From the records below, return every line containing the word "values".
RECORDS SHOWN below:
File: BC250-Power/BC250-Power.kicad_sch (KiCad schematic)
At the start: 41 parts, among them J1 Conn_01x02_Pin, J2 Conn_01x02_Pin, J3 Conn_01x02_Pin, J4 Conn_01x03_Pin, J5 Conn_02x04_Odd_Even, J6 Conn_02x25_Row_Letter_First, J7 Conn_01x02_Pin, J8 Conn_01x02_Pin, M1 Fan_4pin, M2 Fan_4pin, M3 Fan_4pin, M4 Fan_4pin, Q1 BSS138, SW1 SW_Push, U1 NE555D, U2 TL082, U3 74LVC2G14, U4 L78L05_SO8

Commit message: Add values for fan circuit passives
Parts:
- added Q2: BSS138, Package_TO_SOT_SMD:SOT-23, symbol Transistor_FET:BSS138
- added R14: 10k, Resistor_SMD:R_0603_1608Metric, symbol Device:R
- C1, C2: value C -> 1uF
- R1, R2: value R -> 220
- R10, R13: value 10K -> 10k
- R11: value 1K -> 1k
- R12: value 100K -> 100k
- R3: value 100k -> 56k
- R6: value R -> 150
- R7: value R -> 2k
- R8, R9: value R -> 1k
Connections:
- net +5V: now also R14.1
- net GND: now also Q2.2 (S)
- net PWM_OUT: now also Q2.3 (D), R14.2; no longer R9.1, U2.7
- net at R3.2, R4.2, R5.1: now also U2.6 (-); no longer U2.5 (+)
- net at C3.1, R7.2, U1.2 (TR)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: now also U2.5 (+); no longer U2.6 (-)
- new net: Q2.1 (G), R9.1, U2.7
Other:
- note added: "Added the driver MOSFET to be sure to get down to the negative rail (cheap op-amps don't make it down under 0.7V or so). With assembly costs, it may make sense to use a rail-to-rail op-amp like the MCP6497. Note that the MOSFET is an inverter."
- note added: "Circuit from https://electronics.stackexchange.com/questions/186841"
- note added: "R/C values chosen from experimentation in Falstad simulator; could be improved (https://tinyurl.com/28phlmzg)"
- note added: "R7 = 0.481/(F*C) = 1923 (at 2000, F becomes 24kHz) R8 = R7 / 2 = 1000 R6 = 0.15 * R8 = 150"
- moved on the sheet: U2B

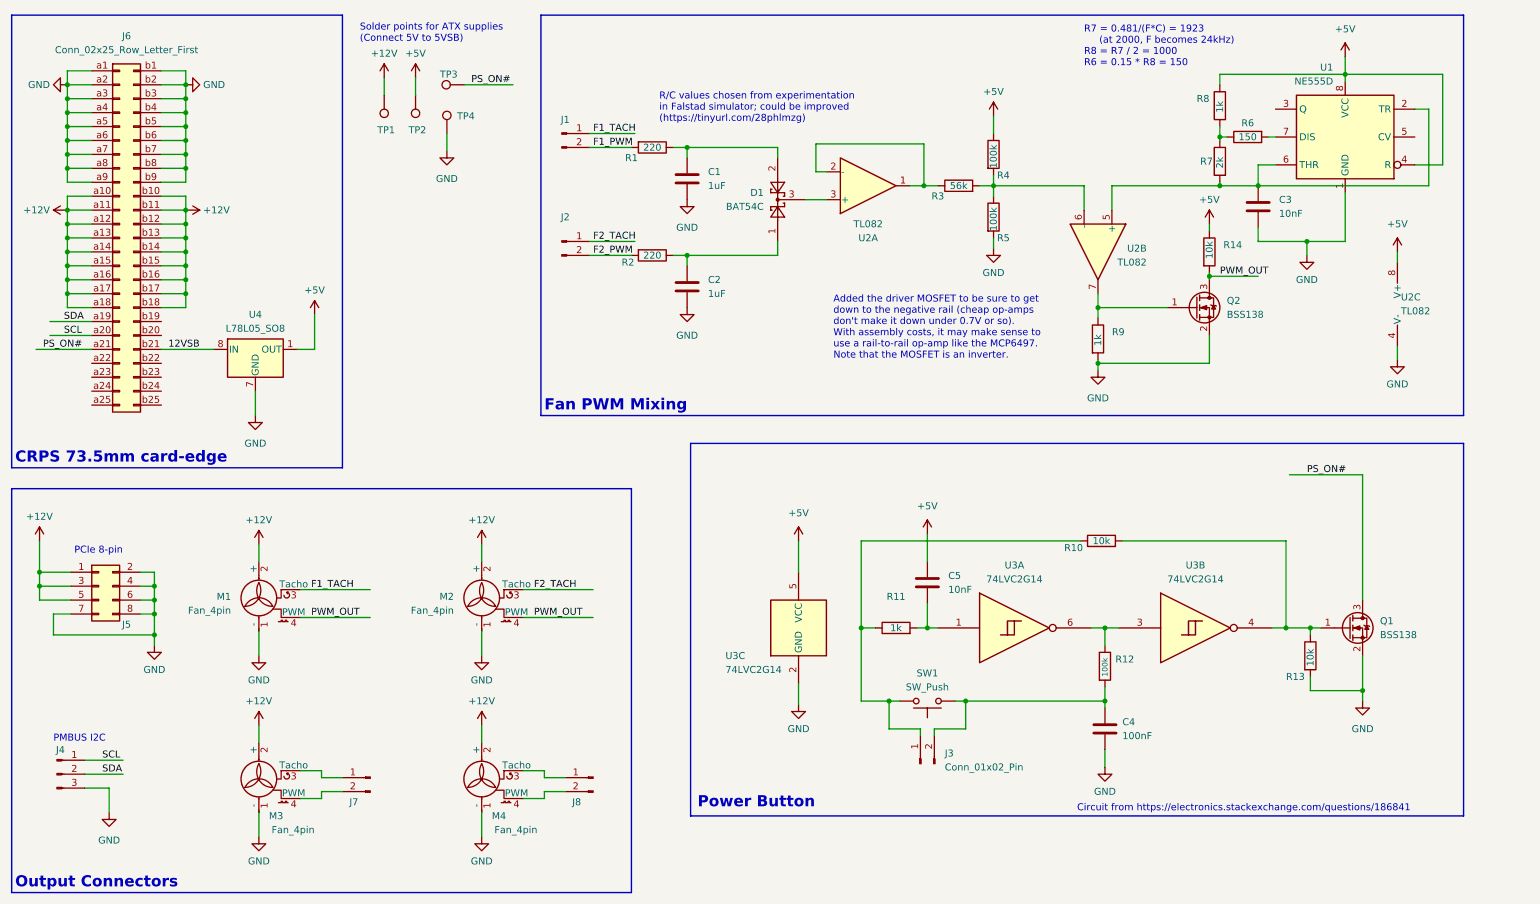
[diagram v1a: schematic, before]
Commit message: Add and associate S-50L-2.54-5 model
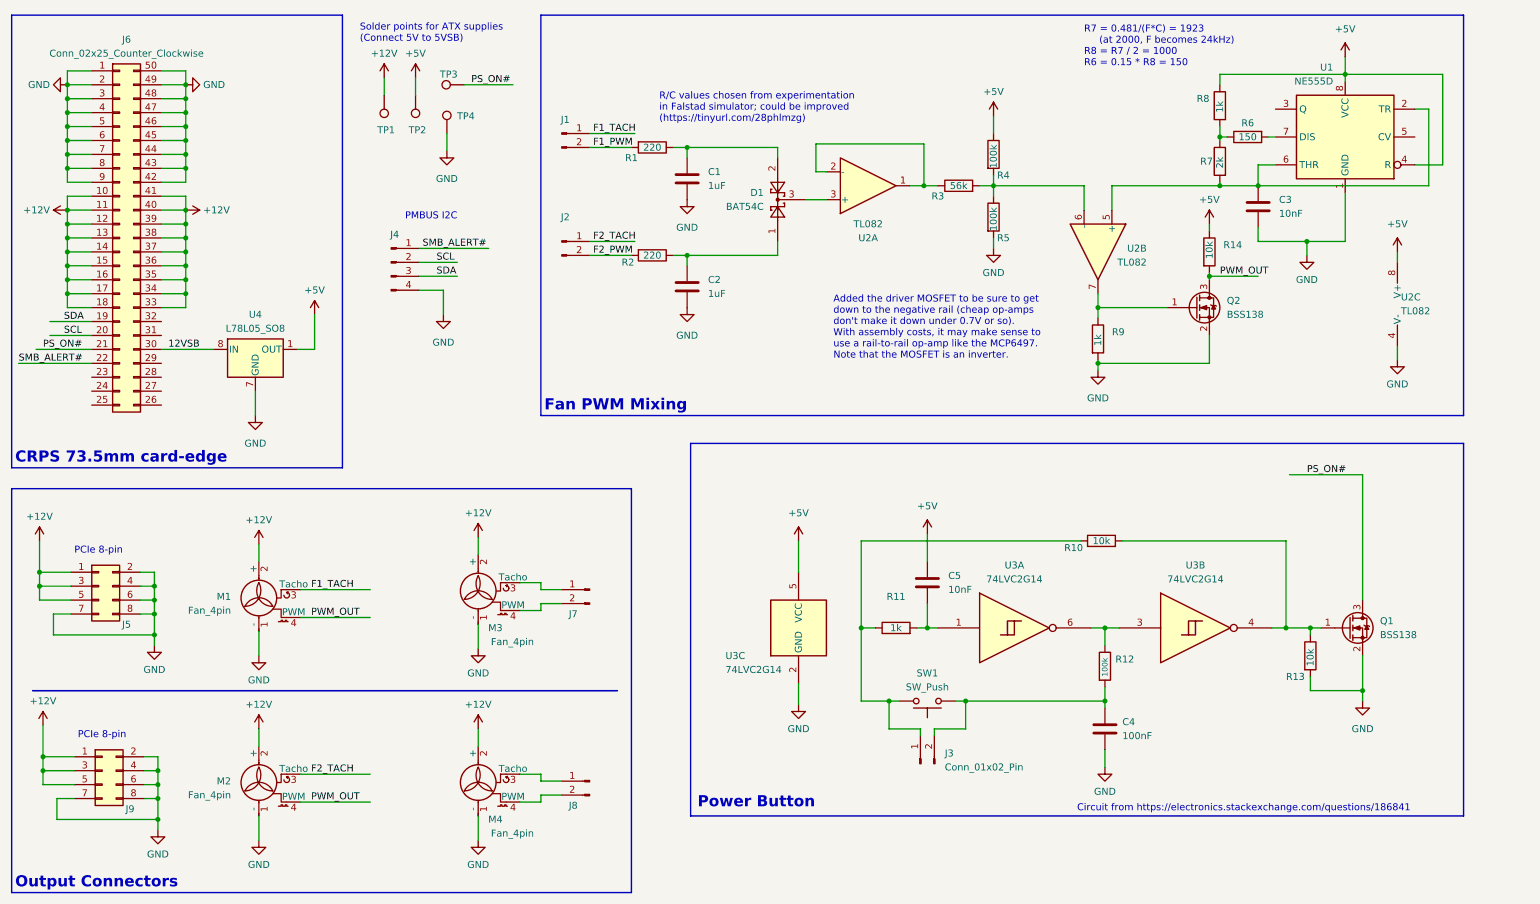
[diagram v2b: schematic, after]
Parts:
- removed J4: Conn_01x03_Pin, Connector_PinHeader_2.54mm:PinHeader_1x03_P2.54mm_Vertical, symbol Connector:Conn_01x03_Pin
- removed J6: Conn_02x25_Row_Letter_First, symbol Connector_Generic:Conn_02x25_Row_Letter_First
- added J4: Conn_01x04_Pin, Connector_PinHeader_2.54mm:PinHeader_1x04_P2.54mm_Vertical, symbol Connector:Conn_01x04_Pin
- added J6: Conn_02x25_Counter_Clockwise, BC250-Footprints:S-50L-2.54-5, symbol Connector_Generic:Conn_02x25_Counter_Clockwise
- added J9: Conn_02x04_Odd_Even, symbol Connector_Generic:Conn_02x04_Odd_Even
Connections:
- net +12V: now also J6.10 (Pin_10), J6.11 (Pin_11), J6.12 (Pin_12), J6.13 (Pin_13), J6.14 (Pin_14), J6.15 (Pin_15), J6.16 (Pin_16), J6.17 (Pin_17), J6.18 (Pin_18), J6.33 (Pin_33), J6.34 (Pin_34), J6.35 (Pin_35), J6.36 (Pin_36), J6.37 (Pin_37), J6.38 (Pin_38), J6.39 (Pin_39), J6.40 (Pin_40), J6.41 (Pin_41), J9.1 (Pin_1), J9.3 (Pin_3), J9.5 (Pin_5)
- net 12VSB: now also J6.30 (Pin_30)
End of RECORDS SHOWN.
● EXERCISE OUTPUT
Commit message: Add values for fan circuit passives
- note added: "R/C values chosen from experimentation in Falstad simulator; could be improved (https://tinyurl.com/28phlmzg)"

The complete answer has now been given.